Olesiński Tomasz, Fijałkowska Anna, Rutkowski Andrzej
Department of Oncological Gastroenterology, Maria Sklodowska-Curie Memorial Cancer Center and Institute of Oncology, Warsaw, Poland.
Department of Cardiology, Mother and Child Institute, Warsaw, Poland
Contemp Oncol (Pozn). 2017;21(2):152-156. doi: 10.5114/wo.2017.68624. Epub 2017 Jun 30.
Despite widespread use of pharmacological prophylaxis, venous thromboembolism (VTE) still constitutes a common complication in cancer patients. The aim of the study was to analyse the safety of low-molecular-weight heparins (LMWH) in the prevention of VTE in surgically-treated cancer patients.

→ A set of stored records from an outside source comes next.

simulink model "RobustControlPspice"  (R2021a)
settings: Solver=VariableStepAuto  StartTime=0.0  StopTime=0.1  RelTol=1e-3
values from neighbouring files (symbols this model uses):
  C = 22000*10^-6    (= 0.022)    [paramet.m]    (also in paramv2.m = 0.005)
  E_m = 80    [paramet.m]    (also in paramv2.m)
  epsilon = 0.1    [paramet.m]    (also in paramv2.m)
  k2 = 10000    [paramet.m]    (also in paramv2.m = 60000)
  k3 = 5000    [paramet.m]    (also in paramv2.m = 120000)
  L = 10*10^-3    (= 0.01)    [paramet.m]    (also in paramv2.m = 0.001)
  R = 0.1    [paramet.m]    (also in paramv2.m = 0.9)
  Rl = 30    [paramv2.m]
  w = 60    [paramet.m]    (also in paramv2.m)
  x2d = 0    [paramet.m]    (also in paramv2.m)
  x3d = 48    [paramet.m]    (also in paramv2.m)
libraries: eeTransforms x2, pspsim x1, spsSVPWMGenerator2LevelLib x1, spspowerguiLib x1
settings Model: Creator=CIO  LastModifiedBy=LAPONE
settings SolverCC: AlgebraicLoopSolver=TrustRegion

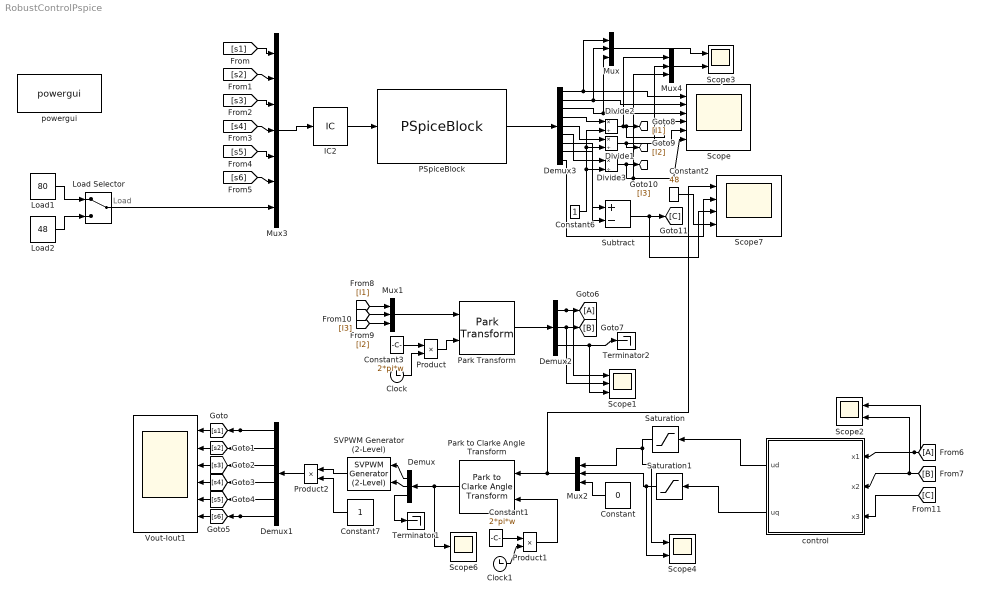
== system RobustControlPspice ==
  note: Load
  Clock : Clock
  Clock1 : Clock
  Constant : Constant  Value=0
  Constant1 : Constant  Value=2*pi*w
  Constant2 : Constant  Value=48
  Constant3 : Constant  Value=2*pi*w
  Constant6 : Constant
  Constant7 : Constant
  Demux : Demux  Outputs=3
  Demux1 : Demux  Outputs=6
  Demux2 : Demux  Outputs=3
  Demux3 : Demux  Outputs=9
  Divide1 : Product  Inputs=*/
  Divide2 : Product  Inputs=*/
  Divide3 : Product  Inputs=*/
  IC2 : InitialCondition  Value=0.1
  Load Selector : ManualSwitch
  Load1 : Constant  Value=80
  Load2 : Constant  Value=48
  Mux{,1..2,4} (4 alike) : Mux  Inputs=3
  Mux3 : Mux  Inputs=7
  PSpiceBlock : pspsim/PSpiceBlock  SFunctionModules=''
      settings: SourceProductName=PSpice Block
  Park Transform : eeTransforms/Park Transform  AxisAlignment=D-axis  PowerInvariant=off
  Park to Clarke Angle Transform : eeTransforms/Park to Clarke Angle Transform  AxisAlignment=D-axis
      settings: SourceProductBaseCode=PS
  Product : Product
  Product1 : Product
  Product2 : Product
  SVPWM Generator (2-Level) : spsSVPWMGenerator2LevelLib/SVPWM Generator (2-Level)  InputType=alpha-beta components  SwitchingPattern=Pattern #1  Fc=10000  ParUref=[0.8 -30 50]  Ts=0
      settings: SourceProductBaseCode=PS
  Saturation : Saturate  UpperLimit=50  LowerLimit=-50
  Saturation1 : Saturate  UpperLimit=25  LowerLimit=-25
  Scope : Scope  NumInputPorts=6
  Scope1 : Scope  NumInputPorts=3
  Scope2 : Scope  NumInputPorts=2
  Scope3 : Scope  NumInputPorts=2
  Scope4 : Scope  NumInputPorts=2
  Scope6 : Scope
  Scope7 : Scope  NumInputPorts=4
  Subtract : Sum  Inputs=+-
  Terminator1 : Terminator
  Terminator2 : Terminator
  Vout-Iout1 : Scope  NumInputPorts=6
  control : MATLAB Function  TreatAsAtomicUnit=on
  powergui : spspowerguiLib/powergui  Priority=1  SimulationMode=Continuous  SampleTime=2e-6  frequency=60  Iterations=50  frequencyindice=60  Pbase=100e6  ErrMax=1e-4  UnitsV=kV  UnitsW=MW  buscounter=0  FunctionMessages=off  echomessages=off  EnableUseOfTLC=off  CurrentSourceSwitches=off  DisableSnubberDevices=off  DisableRonSwitches=off  DisableVfSwitches=off  DisplayEquations=off  AutomaticDiscreteSolvers=off  SolverType=Tustin/Backward Euler (TBE)  Interpol=off  ExternalGateDelay=off  methode=off  Ts=0  x0status=blocks  SPID=off  SwTol=0  HookPort=off  NonlinearTolerance=0  nMaxIteration=15  ContinueOnMaxIteration=off  RestoreLinks=warning  ResistiveCurrentMeasurement=off  Frange=[0:2:500]  Ylog=off  Xlog=on  ShowGrid=off  save=off  variable=ZData  structure=0  ZoomFFT=on  StartTime=0.0  cycles=1  DisplayStyle=1  fundamental=60  FreqAxis=off  MaxFrequency=1000  frequencyindicesteady=1  RmsSteady=1  display=off
  wires:
  Demux1/3 -> Vout-Iout1/3, [s3]
  [s1] -> Mux3/1
  SVPWM Generator (2-Level)/1 -> Product2/1
  [I1] -> Mux1/1
  Demux1/5 -> [s5], Vout-Iout1/5
  [s6] -> Mux3/6
  Demux/2 -> SVPWM Generator (2-Level)/2
  Demux/3 -> Terminator1/1
  control/2(uq) -> Saturation1/1
  Park to Clarke Angle Transform/1 -> Scope6/1, Demux/1
  [s4] -> Mux3/4
  Constant7/1 -> Product2/2
  Constant/1 -> Mux2/3
  Demux1/2 -> Vout-Iout1/2, [s2]
  Product1/1 -> Park to Clarke Angle Transform/2
  [s5] -> Mux3/5
  Park Transform/1 -> Demux2/1
  Mux2/1 -> Scope7/1, Park to Clarke Angle Transform/1
  Product/1 -> Park Transform/2
  Clock1/1 -> Product1/2
  [s3] -> Mux3/3
  Mux1/1 -> Park Transform/1
  Demux1/6 -> [s6], Vout-Iout1/6
  Demux2/2 -> Scope1/2, [B]
  control/1(ud) -> Saturation/1
  Demux2/3 -> Scope1/3, Terminator2/1
  Demux/1 -> SVPWM Generator (2-Level)/1
  [I2] -> Mux1/2
  Saturation1/1 -> Scope4/2, Mux2/2
  Saturation/1 -> Scope4/1, Mux2/1
  Demux1/1 -> Vout-Iout1/1, [s1]
  Clock/1 -> Product/2
  Demux2/1 -> Scope1/1, [A]
  Product2/1 -> Demux1/1
  Mux3/1 -> IC2/1
  Constant1/1 -> Product1/1
  [A] -> Scope2/1, control/1(x1)
  Demux1/4 -> Vout-Iout1/4, [s4]
  Constant3/1 -> Product/1
  [I3] -> Mux1/3
  [s2] -> Mux3/2
  [B] -> Scope2/2, control/2(x2)
  IC2/1 -> PSpiceBlock/1
  PSpiceBlock/1 -> Demux3/1
  Demux3/1 -> Mux/1, Scope/1
  Demux3/2 -> Mux/2, Scope/2
  Demux3/3 -> Scope/3, Mux/3
  Demux3/7 -> Subtract/1
  Demux3/8 -> Subtract/2
  Demux3/4 -> Divide2/1
  Demux3/5 -> Divide1/1
  Demux3/6 -> Divide3/1
  Constant6/1 -> Divide3/2, Divide1/2, Divide2/2
  Divide2/1 -> Mux4/1, Scope/4, [I1]
  Divide1/1 -> [I2], Mux4/2, Scope/5
  Divide3/1 -> Scope/6, Mux4/3, [I3]
  Subtract/1 -> Scope7/3, [C]
  [C] -> control/3(x3)
  Load1/1 -> Load Selector/1
  Load2/1 -> Load Selector/2
  Load Selector/1 -> Mux3/7
  Constant2/1 -> Scope7/4
  Demux3/9 -> Scope7/2
  Mux4/1 -> Scope3/2
  Mux/1 -> Scope3/1

== matlab function RobustControlPspice/control ==
  data: x1 input; ud output; x2 input; x3 input; uq output; E_m parameter; C parameter; L parameter; w parameter; R parameter; x3d parameter; x2d parameter; k3 parameter; k2 parameter; epsilon parameter; Rl parameter
function [ud , uq] = fcn(x1, x2, x3, E_m, C, L, w, R, x3d, x2d, k3, k2, epsilon, Rl)


x1d_1 = (E_m/(2*R)) + (sqrt((E_m)^2 - (8*R*x3d^2)/(3*Rl)))/(2*R);
x1d_2 = (E_m/(2*R)) - (sqrt((E_m)^2 - (8*R*x3d^2)/(3*Rl)))/(2*R);
x1d = x1d_2;

%errors
e1 = x1 - x1d;      e2 = x2 - x2d;      e3 = x3 - x3d;  

%controls
%para evitar singularidades agregamos el termino epsilon donde corresponda
uq = (2*L/(x3 + epsilon)) * ( -(R/L)*(e2 + x2d) + w*(e1 + x1d) + k2*sqrt(abs(e2))*sign(e2) );

u2 = -(3/(4*C))*(e2 + x2d)*uq + (1/(Rl*C)) * (e3 + x3d) - k3*sqrt(abs(e3))*sign(e3);

ud =  ((4*C)/3) * u2/(x1 + epsilon) ;

A total of 5207 cancer patients (44.5% men and 55.5% women) aged 16-97 years participated in a prospective observational study conducted in 13 Polish cancer centres in 2005-2008. This cohort included 4782 subjects who were treated surgically and received LMWH as a pharmacological prophylaxis for VTE prior to or after the surgery. The incidence of haemorrhagic complications and thrombocytopaenia was analysed in this cohort, along with intra-hospital mortality.
Mean duration of LMWH administration was 9.4 ±7.8 days. Haemorrhagic complications: heavy ( = 15) or light bleeding ( = 299), were observed in 314 patients (6.5%). A total of 314 patients (6.5%) presented with haemorrhagic complications: heavy ( = 15, 0.3%) or light bleeding ( = 299, 6.3%). Four cases of heavy bleeding: gastrointestinal bleeding ( = 2), retroperitoneal bleeding ( = 1), and central nervous system bleeding ( = 1), were classified as definitely related to LMWH. No significant association was found between the incidence of haemorrhagic complications and the type of administered LWMH ( = 0.523). No cases of thrombocytopaenia or deaths related to administration of LMWH were reported.
LMWH seems to be a safe form of pharmacological prophylaxis for VTE in surgically-treated cancer patients.
尽管药物预防已广泛应用,但静脉血栓栓塞症(VTE)仍是癌症患者常见的并发症。本研究旨在分析低分子肝素(LMWH)在预防手术治疗的癌症患者发生VTE方面的安全性。
2005年至2008年,共有5207例年龄在16至97岁之间的癌症患者(男性占44.5%,女性占55.5%)参与了在波兰13个癌症中心进行的一项前瞻性观察研究。该队列包括4782名接受手术治疗并在手术前或手术后接受LMWH作为VTE药物预防的受试者。分析了该队列中出血并发症和血小板减少症的发生率以及院内死亡率。
LMWH的平均给药时间为9.4±7.8天。出血并发症:314例患者(6.5%)出现严重出血(n = 15)或轻度出血(n = 299)。共有314例患者(6.5%)出现出血并发症:严重出血(n = 15,0.3%)或轻度出血(n = 299,6.3%)。4例严重出血病例:胃肠道出血(n = 2)、腹膜后出血(n = 1)和中枢神经系统出血(n = 1),被明确归类为与LMWH相关。出血并发症的发生率与所使用的LMWH类型之间未发现显著关联(P = 0.523)。未报告与LMWH给药相关的血小板减少症或死亡病例。
LMWH似乎是手术治疗的癌症患者预防VTE的一种安全的药物预防形式。